_DATA UNDER STUDY_.
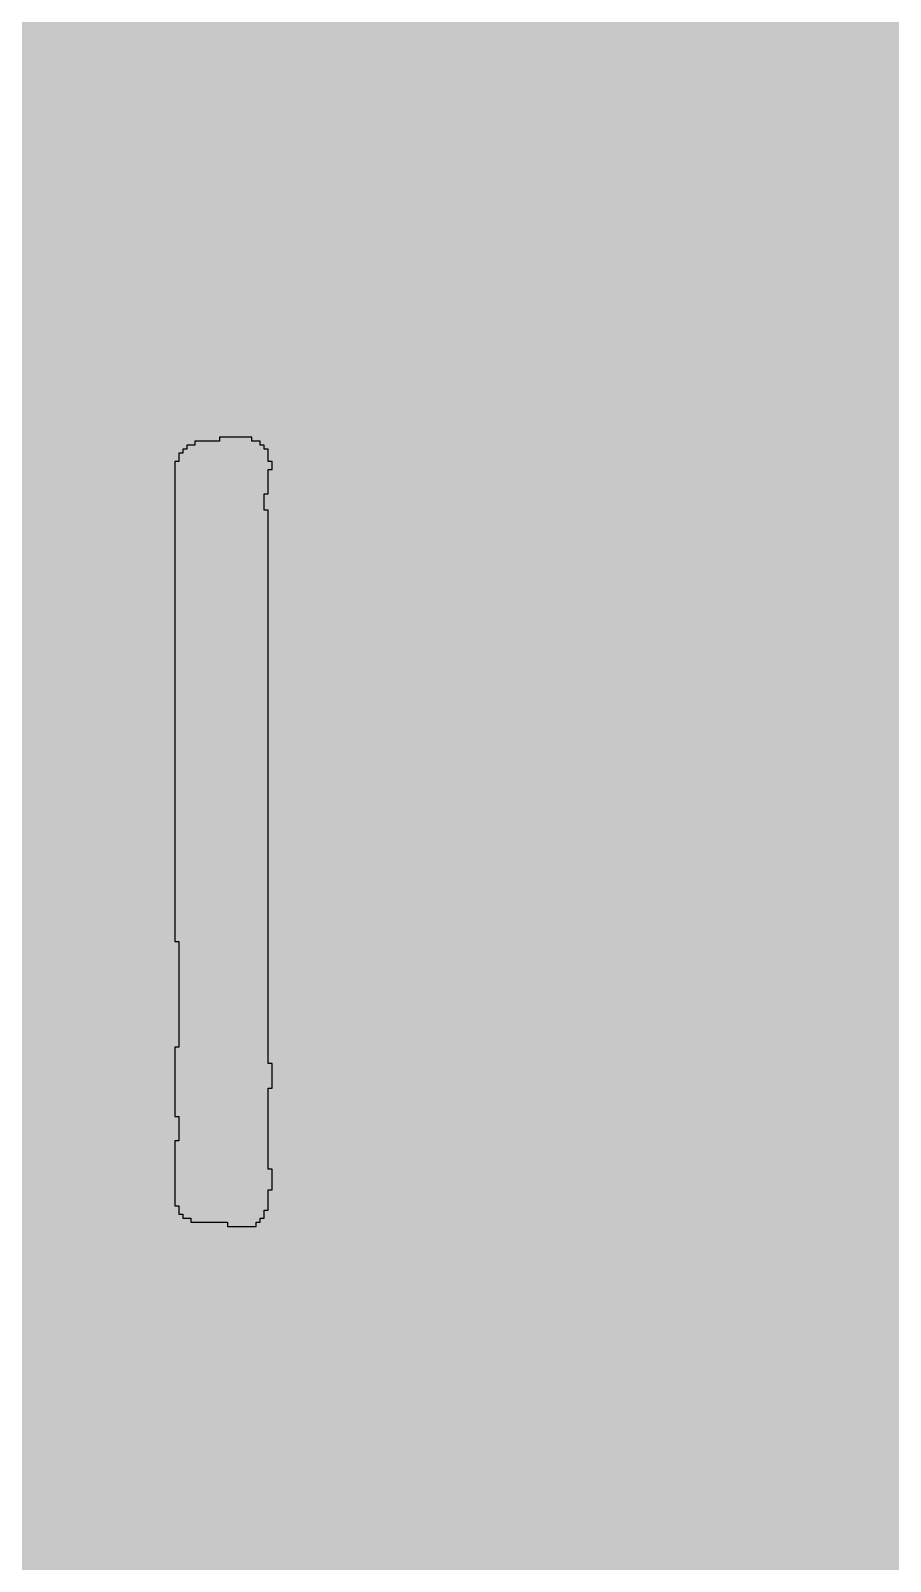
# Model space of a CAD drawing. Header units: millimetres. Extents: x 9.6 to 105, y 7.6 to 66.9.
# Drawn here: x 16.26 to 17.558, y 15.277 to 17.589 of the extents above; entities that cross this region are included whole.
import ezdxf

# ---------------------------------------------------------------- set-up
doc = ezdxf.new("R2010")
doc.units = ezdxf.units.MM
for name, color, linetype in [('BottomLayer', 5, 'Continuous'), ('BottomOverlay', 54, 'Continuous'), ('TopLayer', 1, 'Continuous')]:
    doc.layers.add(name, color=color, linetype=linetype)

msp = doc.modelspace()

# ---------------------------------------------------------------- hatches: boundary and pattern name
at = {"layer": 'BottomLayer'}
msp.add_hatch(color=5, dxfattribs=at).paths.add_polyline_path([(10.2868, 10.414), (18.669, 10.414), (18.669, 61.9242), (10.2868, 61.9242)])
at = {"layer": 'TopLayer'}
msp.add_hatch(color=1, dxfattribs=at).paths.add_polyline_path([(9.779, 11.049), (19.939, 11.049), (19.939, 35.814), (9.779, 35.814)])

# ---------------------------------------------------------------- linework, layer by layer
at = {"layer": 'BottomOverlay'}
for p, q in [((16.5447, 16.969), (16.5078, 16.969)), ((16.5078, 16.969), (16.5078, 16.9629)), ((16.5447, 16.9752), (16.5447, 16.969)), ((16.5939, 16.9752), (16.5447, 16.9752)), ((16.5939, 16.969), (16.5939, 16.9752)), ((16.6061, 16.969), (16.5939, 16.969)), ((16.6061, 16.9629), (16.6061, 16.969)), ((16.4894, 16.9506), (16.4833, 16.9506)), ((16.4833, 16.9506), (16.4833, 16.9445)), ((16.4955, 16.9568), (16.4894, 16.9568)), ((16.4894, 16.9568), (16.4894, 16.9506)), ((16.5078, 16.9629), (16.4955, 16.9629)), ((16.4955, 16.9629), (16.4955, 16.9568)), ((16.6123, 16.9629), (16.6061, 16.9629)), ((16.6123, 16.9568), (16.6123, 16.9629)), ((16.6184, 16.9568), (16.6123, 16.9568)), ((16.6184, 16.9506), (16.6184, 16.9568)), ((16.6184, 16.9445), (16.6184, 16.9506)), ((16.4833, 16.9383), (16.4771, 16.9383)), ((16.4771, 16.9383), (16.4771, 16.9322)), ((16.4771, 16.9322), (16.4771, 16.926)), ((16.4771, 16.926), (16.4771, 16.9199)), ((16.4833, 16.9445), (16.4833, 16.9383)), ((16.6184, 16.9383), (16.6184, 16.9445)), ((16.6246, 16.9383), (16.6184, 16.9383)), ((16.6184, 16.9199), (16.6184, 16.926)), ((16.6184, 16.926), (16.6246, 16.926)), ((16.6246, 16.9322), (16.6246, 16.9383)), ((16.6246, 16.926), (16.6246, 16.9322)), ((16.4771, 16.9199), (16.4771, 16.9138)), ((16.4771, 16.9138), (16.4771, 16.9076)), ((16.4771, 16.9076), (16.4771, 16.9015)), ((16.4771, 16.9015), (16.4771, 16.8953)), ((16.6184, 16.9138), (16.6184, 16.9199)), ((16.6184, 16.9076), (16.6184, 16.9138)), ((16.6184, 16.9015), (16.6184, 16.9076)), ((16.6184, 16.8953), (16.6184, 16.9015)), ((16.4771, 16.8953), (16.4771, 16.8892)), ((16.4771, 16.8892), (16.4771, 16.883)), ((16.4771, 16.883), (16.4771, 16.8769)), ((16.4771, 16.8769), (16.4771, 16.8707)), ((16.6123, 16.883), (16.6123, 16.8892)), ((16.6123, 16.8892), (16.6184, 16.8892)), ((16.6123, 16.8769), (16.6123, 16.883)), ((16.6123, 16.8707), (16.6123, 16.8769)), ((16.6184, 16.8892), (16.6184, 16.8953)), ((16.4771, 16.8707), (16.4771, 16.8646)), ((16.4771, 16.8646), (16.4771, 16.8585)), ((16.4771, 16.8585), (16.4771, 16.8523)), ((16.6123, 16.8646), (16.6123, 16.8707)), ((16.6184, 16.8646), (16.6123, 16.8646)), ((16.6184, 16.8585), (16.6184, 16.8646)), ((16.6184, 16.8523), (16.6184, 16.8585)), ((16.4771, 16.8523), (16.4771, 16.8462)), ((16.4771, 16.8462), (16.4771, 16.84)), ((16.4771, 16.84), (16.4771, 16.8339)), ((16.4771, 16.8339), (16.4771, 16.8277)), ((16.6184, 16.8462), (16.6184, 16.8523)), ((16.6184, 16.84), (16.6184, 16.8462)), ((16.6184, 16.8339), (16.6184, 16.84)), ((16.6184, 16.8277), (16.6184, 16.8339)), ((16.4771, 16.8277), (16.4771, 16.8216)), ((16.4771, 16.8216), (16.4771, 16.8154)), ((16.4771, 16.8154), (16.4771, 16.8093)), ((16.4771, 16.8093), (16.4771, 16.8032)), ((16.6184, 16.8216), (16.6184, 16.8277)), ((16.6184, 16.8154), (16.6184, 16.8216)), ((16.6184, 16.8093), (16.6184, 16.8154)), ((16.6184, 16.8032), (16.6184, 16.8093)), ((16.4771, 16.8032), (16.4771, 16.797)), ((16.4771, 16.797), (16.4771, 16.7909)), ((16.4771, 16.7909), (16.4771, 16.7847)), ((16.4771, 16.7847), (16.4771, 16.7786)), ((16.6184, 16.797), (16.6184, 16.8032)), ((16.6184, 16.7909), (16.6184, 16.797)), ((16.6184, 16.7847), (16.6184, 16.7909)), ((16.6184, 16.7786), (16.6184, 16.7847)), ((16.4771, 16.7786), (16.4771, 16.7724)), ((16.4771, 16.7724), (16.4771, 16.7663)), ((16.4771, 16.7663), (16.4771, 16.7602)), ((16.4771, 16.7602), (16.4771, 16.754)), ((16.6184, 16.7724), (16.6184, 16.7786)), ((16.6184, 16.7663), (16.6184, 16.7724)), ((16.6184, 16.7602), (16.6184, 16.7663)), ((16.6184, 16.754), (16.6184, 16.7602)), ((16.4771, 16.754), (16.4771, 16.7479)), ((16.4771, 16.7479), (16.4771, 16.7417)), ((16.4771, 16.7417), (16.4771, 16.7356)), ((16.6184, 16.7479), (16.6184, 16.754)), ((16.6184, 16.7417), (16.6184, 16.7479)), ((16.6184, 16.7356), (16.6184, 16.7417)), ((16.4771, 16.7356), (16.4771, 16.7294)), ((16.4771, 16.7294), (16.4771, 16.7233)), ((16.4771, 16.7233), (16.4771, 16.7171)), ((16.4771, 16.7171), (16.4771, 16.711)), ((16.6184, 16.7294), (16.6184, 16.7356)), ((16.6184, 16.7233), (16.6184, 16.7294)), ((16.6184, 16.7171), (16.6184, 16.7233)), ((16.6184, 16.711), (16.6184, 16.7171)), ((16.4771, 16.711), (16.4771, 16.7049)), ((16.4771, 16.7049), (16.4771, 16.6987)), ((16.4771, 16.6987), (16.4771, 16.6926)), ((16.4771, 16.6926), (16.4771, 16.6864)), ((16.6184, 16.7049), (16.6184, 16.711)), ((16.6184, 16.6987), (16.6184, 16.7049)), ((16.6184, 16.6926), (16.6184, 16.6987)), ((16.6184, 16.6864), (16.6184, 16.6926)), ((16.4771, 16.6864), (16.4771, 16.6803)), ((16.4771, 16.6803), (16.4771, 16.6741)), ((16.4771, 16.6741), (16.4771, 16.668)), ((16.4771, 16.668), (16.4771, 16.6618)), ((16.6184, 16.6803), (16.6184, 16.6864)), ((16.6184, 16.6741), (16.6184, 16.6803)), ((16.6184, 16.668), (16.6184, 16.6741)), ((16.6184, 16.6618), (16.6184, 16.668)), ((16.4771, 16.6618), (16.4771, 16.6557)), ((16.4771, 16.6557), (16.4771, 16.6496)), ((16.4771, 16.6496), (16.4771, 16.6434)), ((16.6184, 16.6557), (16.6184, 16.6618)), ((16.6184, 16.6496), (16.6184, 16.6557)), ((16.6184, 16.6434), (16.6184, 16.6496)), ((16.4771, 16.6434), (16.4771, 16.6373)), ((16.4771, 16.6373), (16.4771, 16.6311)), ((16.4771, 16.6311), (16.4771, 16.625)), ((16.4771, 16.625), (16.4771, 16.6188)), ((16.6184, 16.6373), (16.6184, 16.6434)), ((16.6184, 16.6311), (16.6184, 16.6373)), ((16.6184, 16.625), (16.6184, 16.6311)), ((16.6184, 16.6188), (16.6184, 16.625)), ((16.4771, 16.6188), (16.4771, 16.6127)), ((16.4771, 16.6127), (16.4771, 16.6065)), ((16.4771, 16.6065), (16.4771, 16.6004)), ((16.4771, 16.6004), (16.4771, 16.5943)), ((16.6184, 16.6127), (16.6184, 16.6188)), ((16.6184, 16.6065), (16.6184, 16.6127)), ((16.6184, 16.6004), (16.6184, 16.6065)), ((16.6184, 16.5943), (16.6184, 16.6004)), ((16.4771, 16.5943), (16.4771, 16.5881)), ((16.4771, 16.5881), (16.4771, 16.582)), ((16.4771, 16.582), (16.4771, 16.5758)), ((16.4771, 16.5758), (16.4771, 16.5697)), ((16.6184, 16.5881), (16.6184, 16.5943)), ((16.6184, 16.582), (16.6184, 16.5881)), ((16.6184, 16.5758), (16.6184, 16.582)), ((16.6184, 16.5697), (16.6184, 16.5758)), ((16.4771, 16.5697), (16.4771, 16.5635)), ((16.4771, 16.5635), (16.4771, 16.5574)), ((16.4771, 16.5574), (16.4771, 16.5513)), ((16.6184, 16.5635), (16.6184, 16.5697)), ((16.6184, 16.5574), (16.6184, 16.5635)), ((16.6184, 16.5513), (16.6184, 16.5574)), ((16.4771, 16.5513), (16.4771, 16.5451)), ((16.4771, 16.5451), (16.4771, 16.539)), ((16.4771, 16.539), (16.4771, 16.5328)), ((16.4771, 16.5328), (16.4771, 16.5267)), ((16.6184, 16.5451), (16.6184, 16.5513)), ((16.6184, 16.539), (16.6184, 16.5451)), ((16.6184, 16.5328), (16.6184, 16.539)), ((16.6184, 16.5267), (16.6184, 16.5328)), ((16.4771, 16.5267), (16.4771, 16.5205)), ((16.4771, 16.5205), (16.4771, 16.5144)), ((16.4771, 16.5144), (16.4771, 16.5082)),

_YOUR GOAL_. The required output is the exact lines from the opening line of the entries through the line with "for name, color, linetype", inclusive, without pictures.

_EXERCISE SOLUTION_.
# Model space of a CAD drawing. Header units: millimetres. Extents: x 9.6 to 105, y 7.6 to 66.9.
# Drawn here: x 16.26 to 17.558, y 15.277 to 17.589 of the extents above; entities that cross this region are included whole.
import ezdxf

# ---------------------------------------------------------------- set-up
doc = ezdxf.new("R2010")
doc.units = ezdxf.units.MM
for name, color, linetype in [('BottomLayer', 5, 'Continuous'), ('BottomOverlay', 54, 'Continuous'), ('TopLayer', 1, 'Continuous')]:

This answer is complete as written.